So 5.029 ns for GLIBC to calculate 8 exps when I specifically call the AVX-512 version, but (on Arch Linux) by default it’ll call some slow generic version that takes over 4 times longer to calculate just a single exponential. Ha.

GLIBC can have implementations all it wants, but it doesn’t do any good if they don’t get used. =/
Julia using it’s own libraries provides some consistency, in particular helping performance for some folks (like those on Arch), and also making sure everyone’s implementation are help to roughly the same accuracy standard.
Julia’s exp is more accurate than the SIMD version from GLIBC, for example, but otherwise follows a similar implementation approach (which I described, and @Oscar_Smith implemented + increased the accuracy of based on the description without ever looking at GPL source).

EDIT:
On a different computer running Ubuntu (but with a different CPU, an i7 1165G7):

julia> @btime log($(Ref(1.2))[])
  3.863 ns (0 allocations: 0 bytes)
0.1823215567939546

julia> @btime clog($(Ref(1.2))[])
  6.578 ns (0 allocations: 0 bytes)
0.1823215567939546

julia> @btime llvmlog($(Ref(1.2))[])
  5.971 ns (0 allocations: 0 bytes)
0.1823215567939546

julia> @btime exp($(Ref(1.2))[])
  3.856 ns (0 allocations: 0 bytes)
3.3201169227365472

julia> @btime cexp($(Ref(1.2))[])
  18.564 ns (0 allocations: 0 bytes)
3.3201169227365472

julia> @btime llvmexp($(Ref(1.2))[])
  18.492 ns (0 allocations: 0 bytes)
3.3201169227365472

julia> versioninfo()
Julia Version 1.7.0-DEV.526
Commit 6468dcb04e* (2021-02-13 02:44 UTC)
Platform Info:
  OS: Linux (x86_64-linux-gnu)
  CPU: 11th Gen Intel(R) Core(TM) i7-1165G7 @ 2.80GHz
  WORD_SIZE: 64
  LIBM: libopenlibm
  LLVM: libLLVM-11.0.1 (ORCJIT, tigerlake)
Environment:
  JULIA_NUM_THREADS = 8

Thankfully it sounds like all Linux distros (not just Clear) should start benefiting from similar optimizations fairly soon.

7 Likes

On my MacOS (intel) machine everything in Julia 1.6-rc1 is faster than numpy 1.19.5 in Python 3.8.5.

1 Like

It’s impressive that it’s possible to beat optimized C libraries in certain cases with native Julia code, but focusing too much on such cases will often lead people astray.

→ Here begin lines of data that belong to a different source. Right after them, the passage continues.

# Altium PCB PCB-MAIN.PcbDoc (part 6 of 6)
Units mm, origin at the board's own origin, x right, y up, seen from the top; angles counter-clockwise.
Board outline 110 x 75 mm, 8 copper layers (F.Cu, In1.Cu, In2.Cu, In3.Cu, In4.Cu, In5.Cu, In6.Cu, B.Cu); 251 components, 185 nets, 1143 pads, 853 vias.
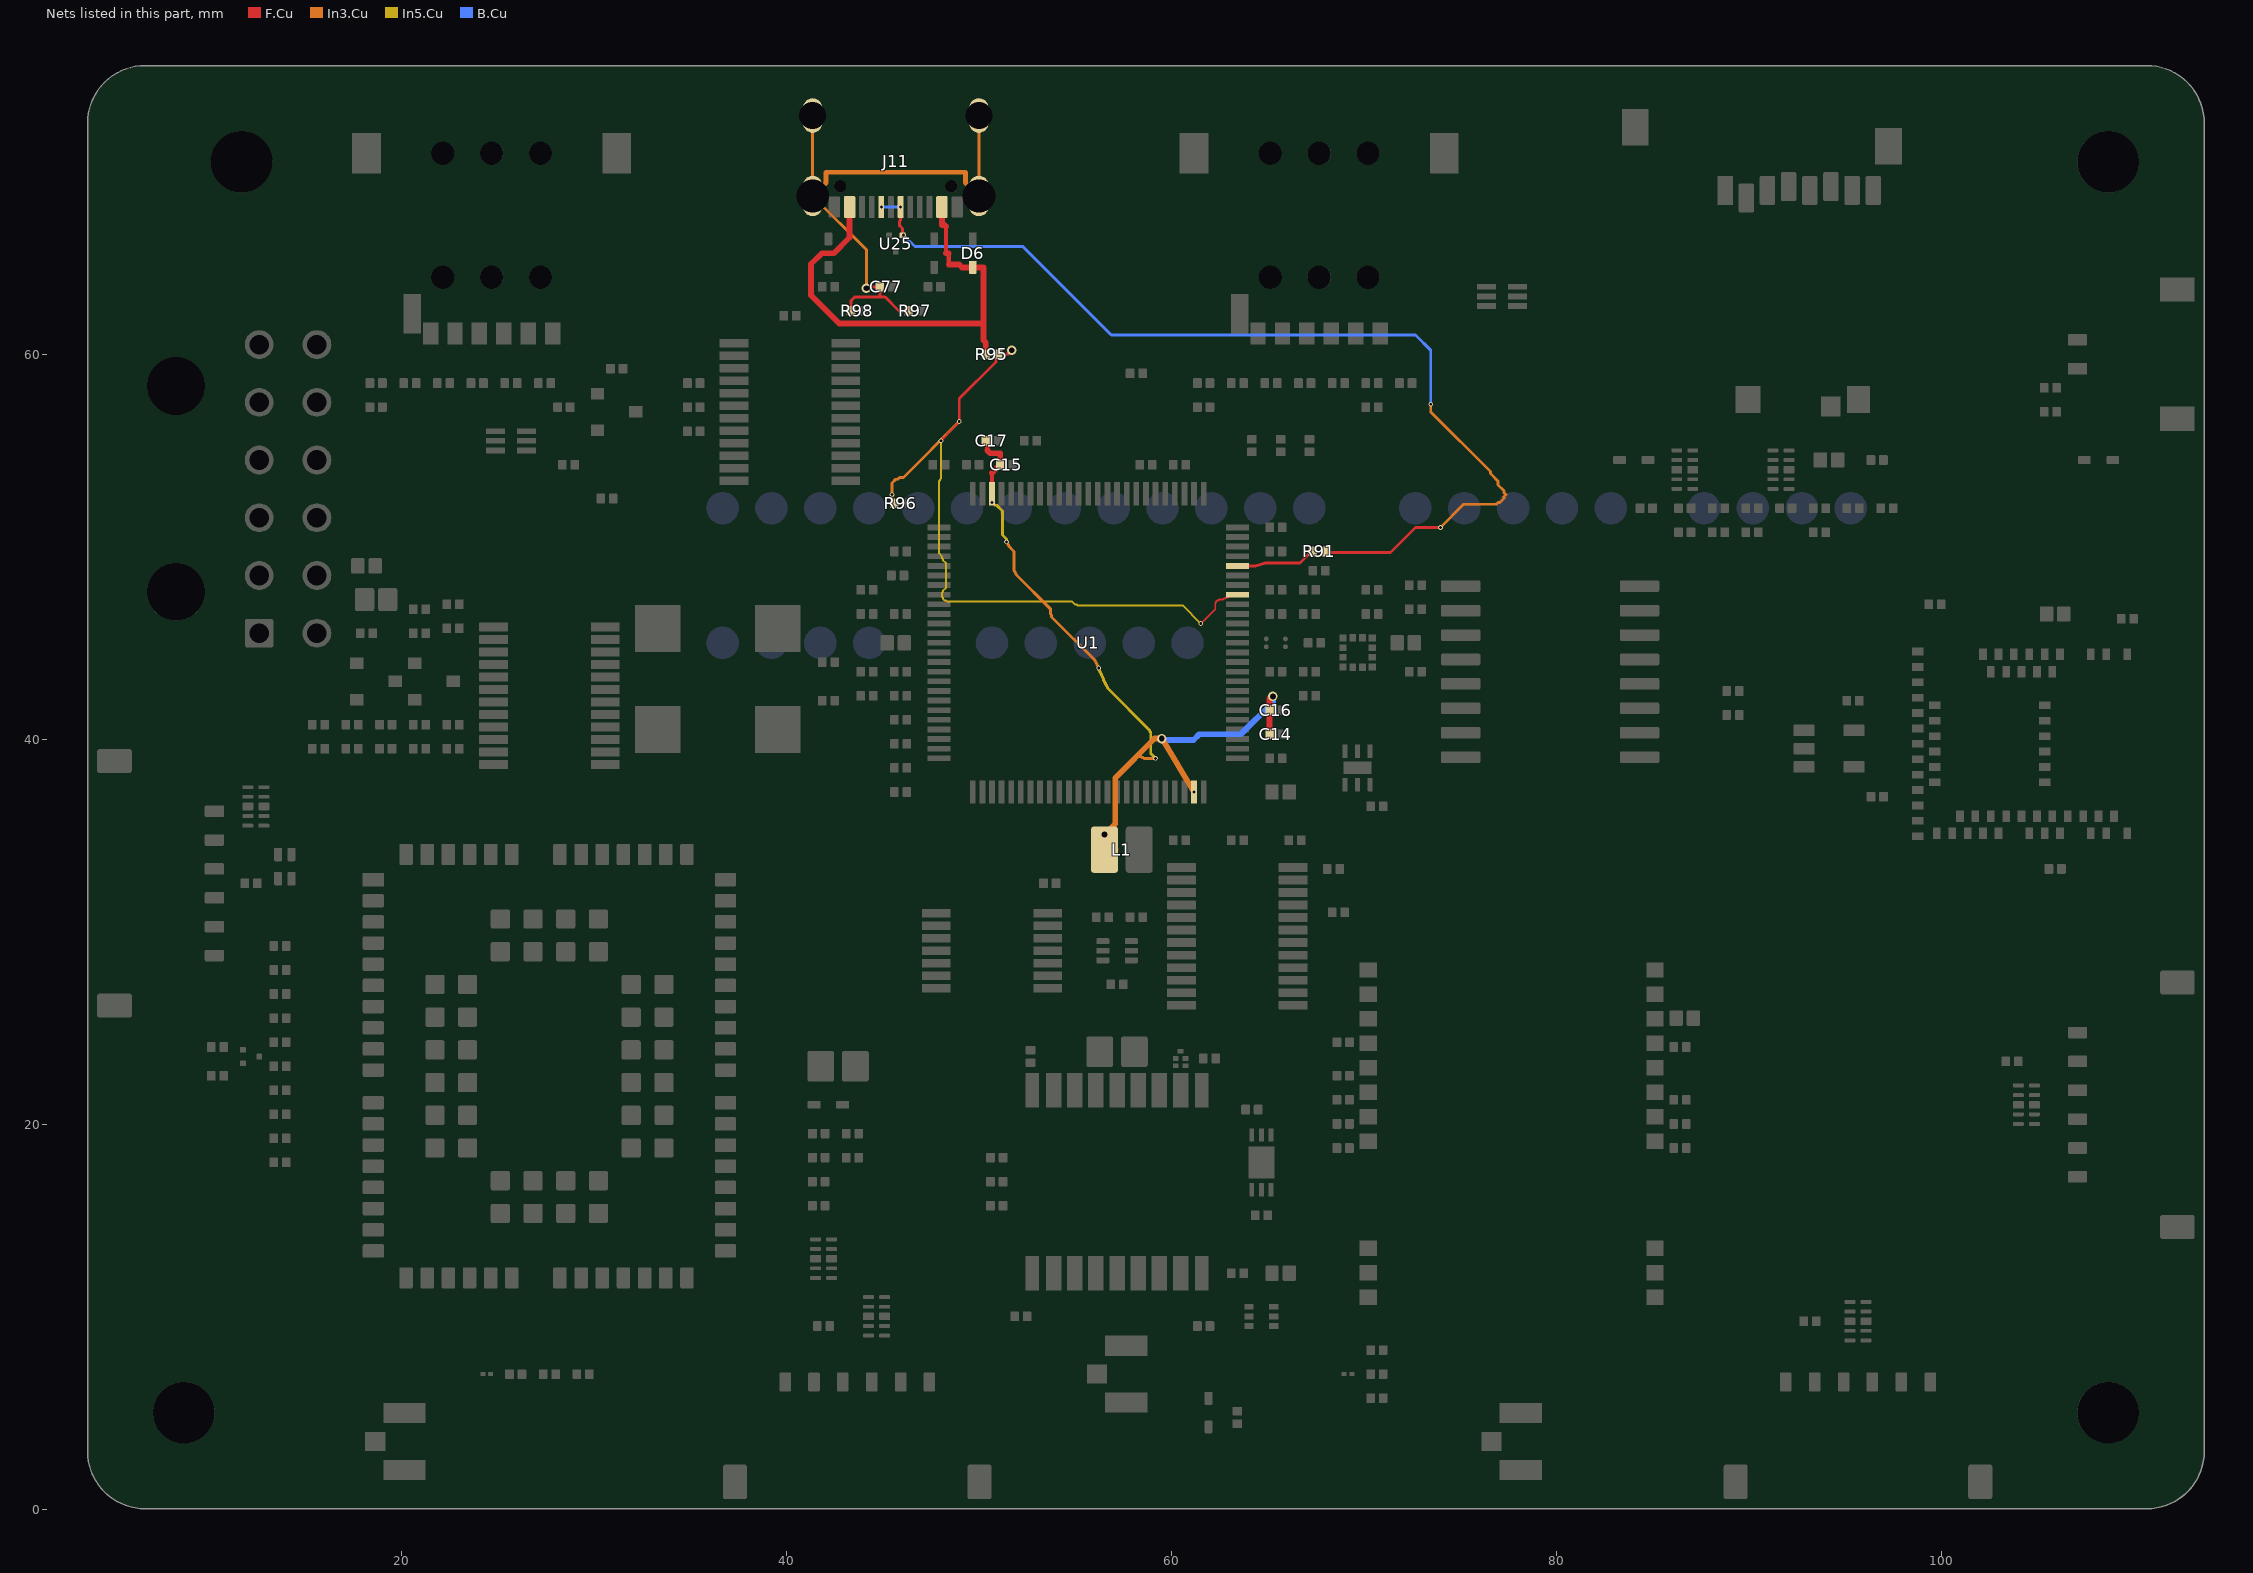
[diagram p11: the nets of this part, all layers, seen from the top]

## Via types
v1: diameter 0.5, hole 0.3, F.Cu to B.Cu, tented both sides, 579 vias
v2: diameter 0.25, hole 0.15, F.Cu to B.Cu, tented both sides, 274 vias

## Nets (pads, with @x,y where several pads share a name; then routed paths per layer and width w, separated by ;. In a path a pad name is that pad's centre, name@x,y a point inside that pad or via, vN(x,y) a via of type N, cw(c..) or ccw(c..) an arc to the next point about the centre after c; other vN are vias at no path point) (continued)
USB_DP_CONN: J11.A6 J11.B6 R91.2 U25.1 | length 52.2
  F.Cu w0.15: R91.2@68.085,49.725 71.385,49.725 72.685,51.025 v2(73.985,51.025)
  F.Cu w0.154: v2(45.935,67.67) 45.935,66.975 45.868,66.908 45.868,66.725 46.035,66.558 U25.1@46.035,66.2
  In3.Cu w0.15: v2(73.485,57.425) 73.485,57.025 76.585,53.925 76.585,53.825 76.985,53.425 76.985,53.225 77.285,52.925 77.285,52.825 77.385,52.725 77.285,52.625 77.285,52.525 77.085,52.325 76.985,52.325 76.885,52.225 75.185,52.225 v2(73.985,51.025)
  B.Cu w0.15: v2(46.085,66.225) 46.685,65.625 52.285,65.625 56.885,61.025 72.685,61.025 73.485,60.225 v2(73.485,57.425)
  B.Cu w0.154: v2(44.935,67.67) v2(45.935,67.67)
USB_DP_U1: R91.1 U1.71 | length 4.2
  F.Cu w0.154: U1.71@63.435,49.025 64.385,49.025 64.885,49.175 66.685,49.175 67.135,49.625 R91.1@67.36,49.775
USB_SHIELD: C77.1 J11.SHIELD R97.1 R98.1 | length 29.8
  F.Cu w0.15: R98.1@43.36,62.275 43.36,62.802 43.556,62.998 44.86,62.998 ; v1(44.159,63.449) 44.282,63.449 44.358,63.525 C77.1@44.86,63.525 44.86,62.998 ; R97.1@46.36,62.275 45.858,62.275 45.135,62.998 44.86,62.998
  In3.Cu w0.15: J11.SHIELD@41.365,72.425 J11.SHIELD@41.365,68.245 44.159,65.451 v1(44.159,63.449) ; J11.SHIELD@50.005,68.245 J11.SHIELD@50.005,72.425
  In3.Cu w0.25: J11.SHIELD@41.365,68.245 42.065,68.945 42.065,69.475 49.305,69.475 49.305,68.945 J11.SHIELD@50.005,68.245
USB_VBUS_CONN: D6.1 J11.A4 J11.A9 J11.B4 J11.B9 R95.1 | length 25.1
  F.Cu w0.225: 48.297,65.275 48.297,66.66 ; 48.435,64.683 48.435,65.275
  F.Cu w0.3: J11.B4@43.285,67.67 43.285,66.082 42.478,65.275 41.846,65.275 41.283,64.712 41.283,63.089 42.747,61.624 50.237,61.624 ; J11.B9@48.085,67.67 48.085,66.743 48.215,66.743 48.297,66.66 ; 48.297,65.275 48.435,65.275 ; 48.435,64.683 48.985,64.683 49.133,64.535 D6.1@49.685,64.535 50.237,64.535 50.237,61.624 ; R95.1@50.36,60.025 50.36,60.627 50.237,60.75 50.237,61.624
USB_VBUS_SENSE: R95.2 R96.1 U1.68 | length 37
  F.Cu w0.1: v2(48.035,55.525) 48.335,55.825 48.335,55.875 v2@48.935,56.475 ; v2(61.535,46.025) 62.285,46.775 62.285,47.075 62.335,47.125 62.335,47.175 62.385,47.225 62.435,47.225 62.485,47.275 62.685,47.275 62.735,47.325 62.785,47.325 62.835,47.375 62.935,47.375 U1.68@63.085,47.525
  F.Cu w0.15: v2(45.485,52.725) 45.485,52.525 45.585,52.425 R96.1@45.585,52.325 ; v2(48.985,56.525) 48.985,57.725 50.885,59.625 50.885,59.825 R95.2@50.985,59.925 ; R95.2@51.01,60.025 51.512,60.025 v1(51.712,60.225)
  In3.Cu w0.15: v2(45.485,52.725) 45.485,53.325 45.685,53.525 45.785,53.525 45.885,53.625 46.085,53.625 v2(48.985,56.525)
  In5.Cu w0.1: v2(48.035,55.525) 48.035,53.575 47.985,53.525 47.985,53.475 47.935,53.425 47.935,49.675 48.085,49.525 48.085,49.425 48.135,49.375 48.135,49.325 48.285,49.175 48.285,47.875 48.135,47.725 48.135,47.675 48.085,47.625 48.085,47.425 48.135,47.375 48.135,47.325 48.235,47.225 48.285,47.225 48.335,47.175 54.835,47.175 54.985,47.025 55.085,47.025 55.135,46.975 60.585,46.975 v2(61.535,46.025)
VCORE_1V1: C14.1 C15.1 C16.1 C17.1 L1.2 U1.49 U1.98 | length 41.4
  F.Cu w0.225: C17.1@50.36,55.525 50.434,55.451 50.434,55.028 ; U1.98@50.685,52.775 50.685,53.85
  F.Cu w0.3: 50.434,55.028 50.585,54.877 51.11,54.877 C15.1@51.11,54.275 50.685,53.85 ; v1(56.533,35.06) 56.533,34.275 L1.2@57.11,34.275 ; C14.1@65.11,40.275 C16.1@65.11,41.525 65.11,42.127 65.166,42.127 v1(65.281,42.242)
  In3.Cu w0.15: v2(51.435,50.275) 51.485,50.225 51.485,50.175 51.535,50.125 51.535,50.075 51.835,49.775 51.835,48.775 51.885,48.725 51.885,48.675 51.935,48.625 51.935,48.575 53.735,46.775 53.735,46.525 53.785,46.475 53.785,46.375 56.035,44.125 56.035,44.075 56.085,44.025 56.085,43.975 56.135,43.925 56.135,43.875 56.185,43.825 56.185,43.775 v2(56.235,43.725) ; 58.285,39.175 58.335,39.125 58.435,39.125 58.485,39.075 58.535,39.075 58.585,39.025 v2(59.185,39.025)
  In3.Cu w0.3: v1(56.533,35.06) 57.085,35.612 57.085,38.002 59.132,40.049 v1(59.509,40.049) v2(61.185,37.275)
  In5.Cu w0.15: v2(50.685,52.325) 50.835,52.175 50.935,52.175 51.235,51.875 51.235,50.625 51.435,50.425 v2(51.435,50.275) ; v2(56.235,43.725) 56.235,43.625 56.285,43.575 56.285,43.525 56.335,43.475 56.335,43.425 56.385,43.375 56.385,43.325 56.435,43.275 56.435,43.225 56.485,43.175 56.485,43.075 56.535,43.025 56.535,42.975 56.585,42.925 56.585,42.875 56.635,42.825 56.635,42.775 56.685,42.725 56.685,42.675 58.885,40.475 58.885,40.425 58.935,40.375 58.935,39.275 v2(59.185,39.025)
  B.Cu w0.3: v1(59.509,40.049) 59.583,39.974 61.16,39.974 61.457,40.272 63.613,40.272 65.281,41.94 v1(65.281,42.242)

Benchmarks against optimized C code help establish Julia’s performance capabilities, but only represent a starting point for interesting work.

Fundamentally, the reason Julia exists is not to beat the performance of existing C libraries on existing problems. If all the high-performance code you will ever need has already been written, then you don’t have as much need for a new language. Julia is attractive for people who need to write new high-performance code to solve new problems, which don’t fit neatly into the boxes provided by existing numpy library functions.

It’s not that Julia has some secret sauce that allows it to beat C — it is just that its compiled performance is comparable to that of C (boiling down to the same LLVM backend), so depending on the programmer’s cleverness and time it will sometimes beat C libraries and sometimes not.

It is, however, vastly easier to write high-performance Julia code than comparable C code in most cases, because Julia is a higher level language with performant high-level abstractions. This can also make it easier to be clever, with tricks like metaprogramming that are tedious in C. And the code you write in Julia can at the same time be more flexible (type-generic and composable), allowing greater code re-use.

This is important for those of us who want to work on new problems and to go beyond endlessly recycling the solutions of the past.

71 Likes

Another observation is that Go has been very successful for writing high performance multithreaded server code. And guess what the only mainstream dynamic language with the same threading model is? Julia. Heck the other dynamic languages are mostly incapable of any actual threading let alone anything as fancy as Go and Julia. Now, of course, Julia’s implementation is nowhere near as mature or well-tuned for servers as Go’s is, but there are many reasons to believe that Julia will be increasingly popular for that kind of application among programmers who want easy, high performance concurrency but want to keep using a dynamic language.

20 Likes

Does that mean once an algorithm matures people will still ultimately rewrite it in C/C++ to get the best performance?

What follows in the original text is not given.